Abstract
Background
Lack of body mass index (BMI) measurements limits the utility of claims data for bariatric surgery research, but pre-operative BMI may be imputed due to existence of weight-related diagnosis codes and BMI-related reimbursement requirements. We used a machine learning pipeline to create a claims-based scoring system to predict pre-operative BMI, as documented in the electronic health record (EHR), among patients undergoing a new bariatric surgery.
Methods
Using the Optum Labs Data Warehouse, containing linked de-identified claims and EHR data for commercial or Medicare Advantage enrollees, we identified adults undergoing a new bariatric surgery between January 2011 and June 2018 with a BMI measurement in linked EHR data ≤30 days before the index surgery (n=3226). We constructed predictors from claims data and applied a machine learning pipeline to create a scoring system for pre-operative BMI, the B3S3. We evaluated the B3S3 and a simple linear regression model (benchmark) in test patients whose index surgery occurred concurrent (2011–2017) or prospective (2018) to the training data.
Results
The machine learning pipeline yielded a final scoring system that included weight-related diagnosis codes, age, and number of days hospitalized and distinct drugs dispensed in the past 6 months. In concurrent test data, the B3S3 had excellent performance (R2 0.862, 95% confidence interval [CI] 0.815–0.898) and calibration. The benchmark algorithm had good performance (R2 0.750, 95% CI 0.686–0.799) and calibration but both aspects were inferior to the B3S3. Findings in prospective test data were similar.
Conclusion
The B3S3 is an accessible tool that researchers can use with claims data to obtain granular and accurate predicted values of pre-operative BMI, which may enhance confounding control and investigation of effect modification by baseline obesity levels in bariatric surgery studies utilizing claims data.
Plain Language Summary
Pre-operative BMI is an important potential confounder in comparative effectiveness studies of bariatric surgeries.
Claims data lack clinical measurements, but insurance reimbursement requirements for bariatric surgery often result in pre-operative BMI being coded in claims data.
We used a machine learning pipeline to create a model, the B3S3, to predict pre-operative BMI, as documented in the EHR, among bariatric surgery patients based on the presence of certain weight-related diagnosis codes and other patient characteristics derived from claims data.
Researchers can easily use the B3S3 with claims data to obtain granular and accurate predicted values of pre-operative BMI among bariatric surgery patients.
Abbreviations
AGB, Adjusted gastric banding; BMI, Body mass index; B3S3, BMI Before Bariatric Surgery Scoring System; CI, Confidence interval; EHR, Electronic health record; ICD, International Classification of Diseases; LASSO, Least absolute shrinkage and selection operator; MAE, Mean absolute error; MSE, Mean squared error; OLDW, Optum Labs Data Warehouse; RYGB, Roux-en-Y gastric bypass; SG, Sleeve gastrectomy.
Data Sharing Statement
The raw data that support the findings of this study are available from Optum Labs, but restrictions apply to the availability of these data, which were used under license for the current study and so are not publicly available. The materials generated for the current study are included in this published article and its Supplementary Files as well as its eSheet.
Ethics Approval and Informed Consent
This study was reviewed and approved by the Harvard Pilgrim Health Care Institutional Review Board with an exemption and waiver of individual patient consent. Exemption and waiver of individual patient consent were granted due to the use of a limited data set for this study and the execution of a data use agreement with Optum Labs to ensure specified safeguards for the information in the limited data set. All research in this study was conducted in accordance with the Declaration of Helsinki and in compliance with US data protection and privacy regulations to maintain confidentiality of patient data.
Acknowledgments
The authors would like to thank Dr.

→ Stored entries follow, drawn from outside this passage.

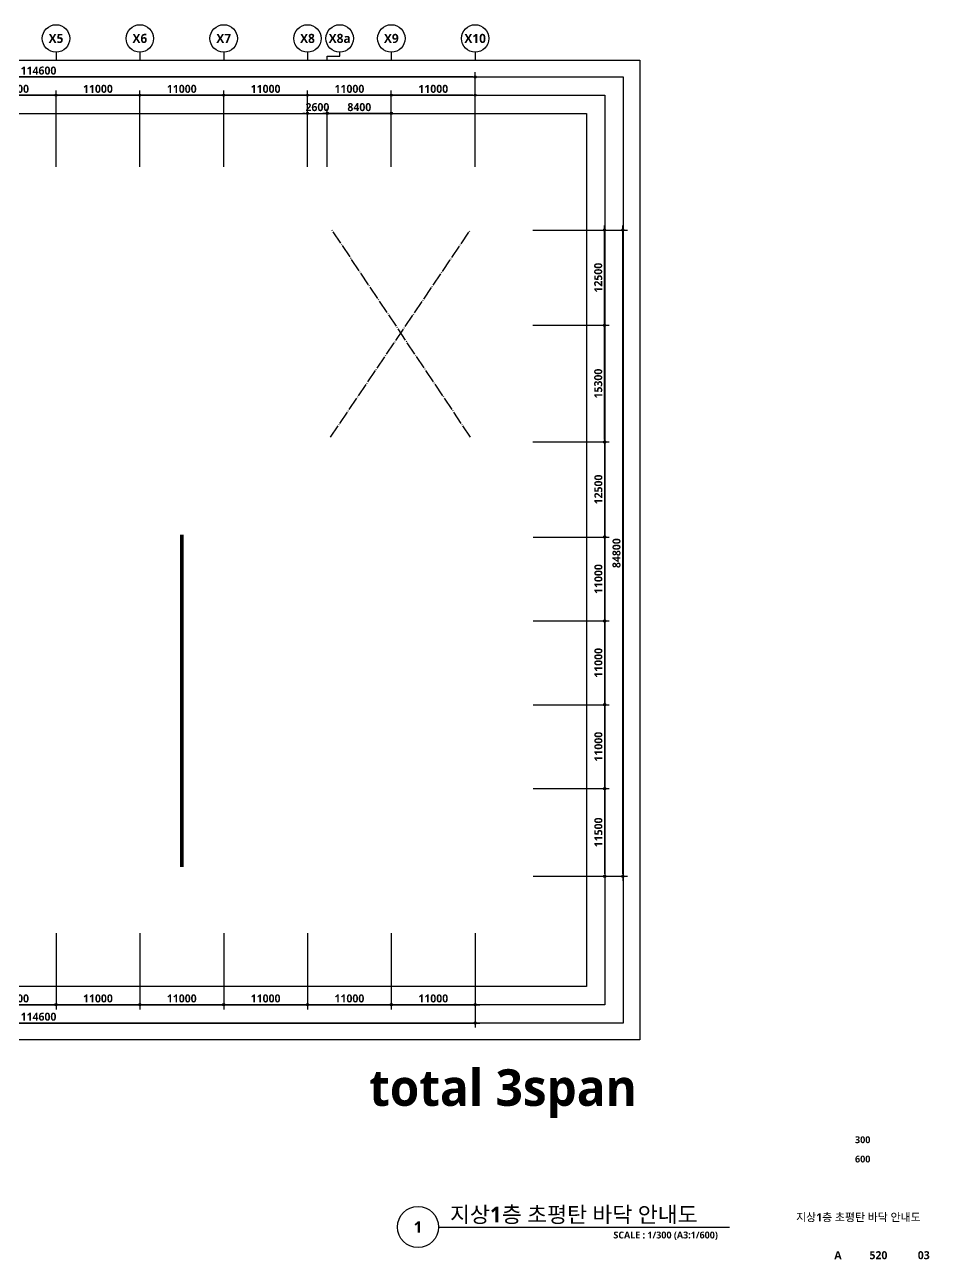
# Model space of a CAD drawing. Header units: millimetres. Extents: x -5354 to 981672, y -957001 to -780013.
# Drawn here: x 358977 to 477680, y -957001 to -794976 of the extents above; entities that cross this region are included whole.
import ezdxf
from ezdxf.enums import TextEntityAlignment as Align

# ---------------------------------------------------------------- set-up
doc = ezdxf.new("R2010")
doc.units = ezdxf.units.MM
doc.header["$LTSCALE"] = 300
doc.header["$MEASUREMENT"] = 0
doc.header["$PDSIZE"] = -10
doc.linetypes.add('STD_SHAFT', pattern=[7.3, 6, -0.5, 0.3, -0.5])
doc.layers.get('0').update_dxf_attribs({"linetype": 'CONTINUOUS'})
doc.layers.get('Defpoints').update_dxf_attribs({"color": 153, "linetype": 'CONTINUOUS'})
for name, color, linetype in [('A-ANNO-TEXT1', 7, 'CONTINUOUS'), ('A-ANNO-TITL', 7, 'CONTINUOUS'), ('A-FLOR-OPEN-BELO', 6, 'STD_SHAFT'), ('A-ST-AXIS-BUB', 7, 'CONTINUOUS'), ('A-ST-AXIS-DIM', 7, 'CONTINUOUS'), ('AA-XXXX-TXT1', 2, 'CONTINUOUS'), ('ILDO_Cosinus Joint', 20, 'CONTINUOUS')]:
    doc.layers.add(name, color=color, linetype=linetype)
doc.layers.add('Defpoint', color=161, linetype='CONTINUOUS', plot=False)
doc.styles.add('SH_대대리576', font='')
doc.styles.get('SH_대대리576').set_extended_font_data('NanumGothic', bold=True)
doc.dimstyles.new('SHP 600', dxfattribs={"dimscale": 300, "dimtxt": 3.5, "dimasz": 1, "dimexe": 2, "dimexo": 2, "dimgap": 1, "dimtad": 1, "dimdec": 0, "dimzin": 0, "dimdsep": 46, "dimtxsty": 'SH_대대리576', "dimblk": 'DIMDOT', "dimcen": 0.09, "dimclrt": 3, "dimadec": 0, "dimazin": 1, "dimtfac": 1, "dimtdec": 0, "dimtix": 1, "dimtmove": 2, "dimatfit": 0, "dimldrblk": 'DIMDOT', "dimfxl": 1, "dimtolj": 1, "dimtzin": 0, "dimarcsym": 0})

# ---------------------------------------------------------------- blocks, each defined once
blk = doc.blocks.new('DIMDOT')
at = {"color": 0}
blk.add_line((-2, 0), (2, 0), dxfattribs=at)
for radius in [0.5, 0.25]:
    blk.add_circle((0, 0), radius, dxfattribs=at)
blk = doc.blocks.new('*D432')
at = {"layer": 'A-ST-AXIS-DIM', "color": 0, "lineweight": -2, "transparency": 16777216}
for p, q in [((303487, -813626), (303487, -801226)), ((417787, -801826), (303787, -801826)), ((418087, -813626), (418087, -801226))]:
    blk.add_line(p, q, dxfattribs=at)
at = {"layer": 'Defpoints', "color": 0, "transparency": 16777216}
for p in [(303487, -801826), (303487, -814226), (418087, -814226)]:
    blk.add_point(p, dxfattribs=at)
at = {"layer": 'A-ST-AXIS-DIM', "color": 0, "lineweight": -2, "transparency": 16777216, "xscale": 300, "yscale": 300, "zscale": 300, "rotation": 180}
blk.add_blockref('DIMDOT', (303487, -801826), dxfattribs=at)
at = {"layer": 'A-ST-AXIS-DIM', "color": 0, "lineweight": -2, "transparency": 16777216, "xscale": 300, "yscale": 300, "zscale": 300}
blk.add_blockref('DIMDOT', (418087, -801826), dxfattribs=at)
at = {"layer": 'A-ST-AXIS-DIM', "color": 3, "transparency": 16777216, "insert": (360787, -801001), "char_height": 1050, "attachment_point": 5, "style": 'SH_대대리576'}
blk.add_mtext('\\A1;114600', dxfattribs=at)
blk = doc.blocks.new('*D416')
at = {"layer": 'A-ST-AXIS-DIM', "color": 0, "lineweight": -2, "transparency": 16777216}
for p, q in [((352087, -813626), (352087, -803626)), ((363087, -813626), (363087, -803626)), ((362787, -804226), (352387, -804226))]:
    blk.add_line(p, q, dxfattribs=at)
at = {"layer": 'Defpoints', "color": 0, "transparency": 16777216}
for p in [(352087, -804226), (352087, -814226), (363087, -814226)]:
    blk.add_point(p, dxfattribs=at)
at = {"layer": 'A-ST-AXIS-DIM', "color": 0, "lineweight": -2, "transparency": 16777216, "xscale": 300, "yscale": 300, "zscale": 300, "rotation": 180}
blk.add_blockref('DIMDOT', (352087, -804226), dxfattribs=at)
at = {"layer": 'A-ST-AXIS-DIM', "color": 0, "lineweight": -2, "transparency": 16777216, "xscale": 300, "yscale": 300, "zscale": 300}
blk.add_blockref('DIMDOT', (363087, -804226), dxfattribs=at)
at = {"layer": 'A-ST-AXIS-DIM', "color": 3, "transparency": 16777216, "insert": (357587, -803401), "char_height": 1050, "attachment_point": 5, "style": 'SH_대대리576'}
blk.add_mtext('\\A1;11000', dxfattribs=at)
blk = doc.blocks.new('*D415')
at = {"layer": 'A-ST-AXIS-DIM', "color": 0, "lineweight": -2, "transparency": 16777216}
for p, q in [((363087, -813626), (363087, -803626)), ((374087, -813626), (374087, -803626)), ((373787, -804226), (363387, -804226))]:
    blk.add_line(p, q, dxfattribs=at)
at = {"layer": 'Defpoints', "color": 0, "transparency": 16777216}
for p in [(363087, -804226), (363087, -814226), (374087, -814226)]:
    blk.add_point(p, dxfattribs=at)
at = {"layer": 'A-ST-AXIS-DIM', "color": 0, "lineweight": -2, "transparency": 16777216, "xscale": 300, "yscale": 300, "zscale": 300, "rotation": 180}
blk.add_blockref('DIMDOT', (363087, -804226), dxfattribs=at)
at = {"layer": 'A-ST-AXIS-DIM', "color": 0, "lineweight": -2, "transparency": 16777216, "xscale": 300, "yscale": 300, "zscale": 300}
blk.add_blockref('DIMDOT', (374087, -804226), dxfattribs=at)
at = {"layer": 'A-ST-AXIS-DIM', "color": 3, "transparency": 16777216, "insert": (368587, -803401), "char_height": 1050, "attachment_point": 5, "style": 'SH_대대리576'}
blk.add_mtext('\\A1;11000', dxfattribs=at)
blk = doc.blocks.new('*D414')
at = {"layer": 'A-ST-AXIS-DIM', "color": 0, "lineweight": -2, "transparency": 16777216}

Susan Gruber for her helpful input on the analytic approaches used in this study.
Author Contributions
All authors made a significant contribution to the work reported, whether that is in the conception, study design, execution, acquisition of data, analysis and interpretation, or in all these areas; took part in drafting, revising, or critically reviewing the article; gave final approval of the version to be published; have agreed on the journal to which the article has been submitted; and agree to be accountable for all aspects of the work.
Disclosure
Dr Xiaojuan Li reports grants from the National Institute on Aging (K01AG073651), outside the submitted work. Dr Sengwee Toh reports personal fees from Pfizer and TriNetX, outside the submitted work. In this work, the authors declare that they have no other financial or non-financial competing interests relevant to the interpretation or presentation of information.